▶ **TASK REQUIREMENTS**
Without any images, output the records below verbatim.
─── INFORMATION ───
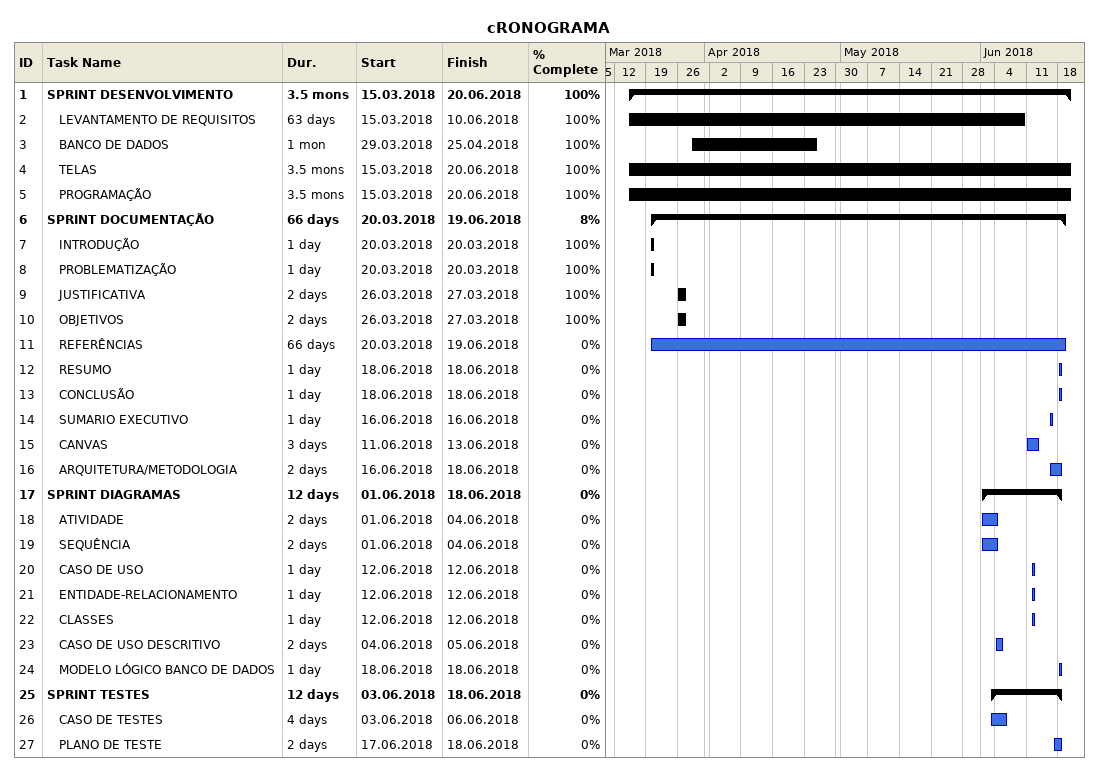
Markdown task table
cRONOGRAMA

| ID | Level | Task | Duration | Start | Finish | % complete |
|---|---|---|---|---|---|---|
| 1 | 1 | **SPRINT DESENVOLVIMENTO** | 3.5mo | 2018-03-15 | 2018-06-20 | 100 |
| 2 | 2 | LEVANTAMENTO DE REQUISITOS | 63d | 2018-03-15 | 2018-06-10 | 100 |
| 3 | 2 | BANCO DE DADOS | 1mo | 2018-03-29 | 2018-04-25 | 100 |
| 4 | 2 | TELAS | 3.5mo | 2018-03-15 | 2018-06-20 | 100 |
| 5 | 2 | PROGRAMAÇÃO | 3.5mo | 2018-03-15 | 2018-06-20 | 100 |
| 6 | 1 | **SPRINT DOCUMENTAÇÃO** | 66d | 2018-03-20 | 2018-06-19 | 8 |
| 7 | 2 | INTRODUÇÃO | 1d | 2018-03-20 | 2018-03-20 | 100 |
| 8 | 2 | PROBLEMATIZAÇÃO | 1d | 2018-03-20 | 2018-03-20 | 100 |
| 9 | 2 | JUSTIFICATIVA | 2d | 2018-03-26 | 2018-03-27 | 100 |
| 10 | 2 | OBJETIVOS | 2d | 2018-03-26 | 2018-03-27 | 100 |
| 11 | 2 | REFERÊNCIAS | 66d | 2018-03-20 | 2018-06-19 | 0 |
| 12 | 2 | RESUMO | 1d | 2018-06-18 | 2018-06-18 | 0 |
| 13 | 2 | CONCLUSÃO | 1d | 2018-06-18 | 2018-06-18 | 0 |
| 14 | 2 | SUMARIO EXECUTIVO | 1d | 2018-06-16 | 2018-06-16 | 0 |
| 15 | 2 | CANVAS | 3d | 2018-06-11 | 2018-06-13 | 0 |
| 16 | 2 | ARQUITETURA/METODOLOGIA | 2d | 2018-06-16 | 2018-06-18 | 0 |
| 17 | 1 | **SPRINT DIAGRAMAS** | 12d | 2018-06-01 | 2018-06-18 | 0 |
| 18 | 2 | ATIVIDADE | 2d | 2018-06-01 | 2018-06-04 | 0 |
| 19 | 2 | SEQUÊNCIA | 2d | 2018-06-01 | 2018-06-04 | 0 |
| 20 | 2 | CASO DE USO | 1d | 2018-06-12 | 2018-06-12 | 0 |
| 21 | 2 | ENTIDADE-RELACIONAMENTO | 1d | 2018-06-12 | 2018-06-12 | 0 |
| 22 | 2 | CLASSES | 1d | 2018-06-12 | 2018-06-12 | 0 |
| 23 | 2 | CASO DE USO DESCRITIVO | 2d | 2018-06-04 | 2018-06-05 | 0 |
| 24 | 2 | MODELO LÓGICO BANCO DE DADOS | 1d | 2018-06-18 | 2018-06-18 | 0 |
| 25 | 1 | **SPRINT TESTES** | 12d | 2018-06-03 | 2018-06-18 | 0 |
| 26 | 2 | CASO DE TESTES | 4d | 2018-06-03 | 2018-06-06 | 0 |
| 27 | 2 | PLANO DE TESTE | 2d | 2018-06-17 | 2018-06-18 | 0 |
───
▶ **TASK OUTPUT**
Markdown task table
cRONOGRAMA

| ID | Level | Task | Duration | Start | Finish | % complete |
|---|---|---|---|---|---|---|
| 1 | 1 | **SPRINT DESENVOLVIMENTO** | 3.5mo | 2018-03-15 | 2018-06-20 | 100 |
| 2 | 2 | LEVANTAMENTO DE REQUISITOS | 63d | 2018-03-15 | 2018-06-10 | 100 |
| 3 | 2 | BANCO DE DADOS | 1mo | 2018-03-29 | 2018-04-25 | 100 |
| 4 | 2 | TELAS | 3.5mo | 2018-03-15 | 2018-06-20 | 100 |
| 5 | 2 | PROGRAMAÇÃO | 3.5mo | 2018-03-15 | 2018-06-20 | 100 |
| 6 | 1 | **SPRINT DOCUMENTAÇÃO** | 66d | 2018-03-20 | 2018-06-19 | 8 |
| 7 | 2 | INTRODUÇÃO | 1d | 2018-03-20 | 2018-03-20 | 100 |
| 8 | 2 | PROBLEMATIZAÇÃO | 1d | 2018-03-20 | 2018-03-20 | 100 |
| 9 | 2 | JUSTIFICATIVA | 2d | 2018-03-26 | 2018-03-27 | 100 |
| 10 | 2 | OBJETIVOS | 2d | 2018-03-26 | 2018-03-27 | 100 |
| 11 | 2 | REFERÊNCIAS | 66d | 2018-03-20 | 2018-06-19 | 0 |
| 12 | 2 | RESUMO | 1d | 2018-06-18 | 2018-06-18 | 0 |
| 13 | 2 | CONCLUSÃO | 1d | 2018-06-18 | 2018-06-18 | 0 |
| 14 | 2 | SUMARIO EXECUTIVO | 1d | 2018-06-16 | 2018-06-16 | 0 |
| 15 | 2 | CANVAS | 3d | 2018-06-11 | 2018-06-13 | 0 |
| 16 | 2 | ARQUITETURA/METODOLOGIA | 2d | 2018-06-16 | 2018-06-18 | 0 |
| 17 | 1 | **SPRINT DIAGRAMAS** | 12d | 2018-06-01 | 2018-06-18 | 0 |
| 18 | 2 | ATIVIDADE | 2d | 2018-06-01 | 2018-06-04 | 0 |
| 19 | 2 | SEQUÊNCIA | 2d | 2018-06-01 | 2018-06-04 | 0 |
| 20 | 2 | CASO DE USO | 1d | 2018-06-12 | 2018-06-12 | 0 |
| 21 | 2 | ENTIDADE-RELACIONAMENTO | 1d | 2018-06-12 | 2018-06-12 | 0 |
| 22 | 2 | CLASSES | 1d | 2018-06-12 | 2018-06-12 | 0 |
| 23 | 2 | CASO DE USO DESCRITIVO | 2d | 2018-06-04 | 2018-06-05 | 0 |
| 24 | 2 | MODELO LÓGICO BANCO DE DADOS | 1d | 2018-06-18 | 2018-06-18 | 0 |
| 25 | 1 | **SPRINT TESTES** | 12d | 2018-06-03 | 2018-06-18 | 0 |
| 26 | 2 | CASO DE TESTES | 4d | 2018-06-03 | 2018-06-06 | 0 |
| 27 | 2 | PLANO DE TESTE | 2d | 2018-06-17 | 2018-06-18 | 0 |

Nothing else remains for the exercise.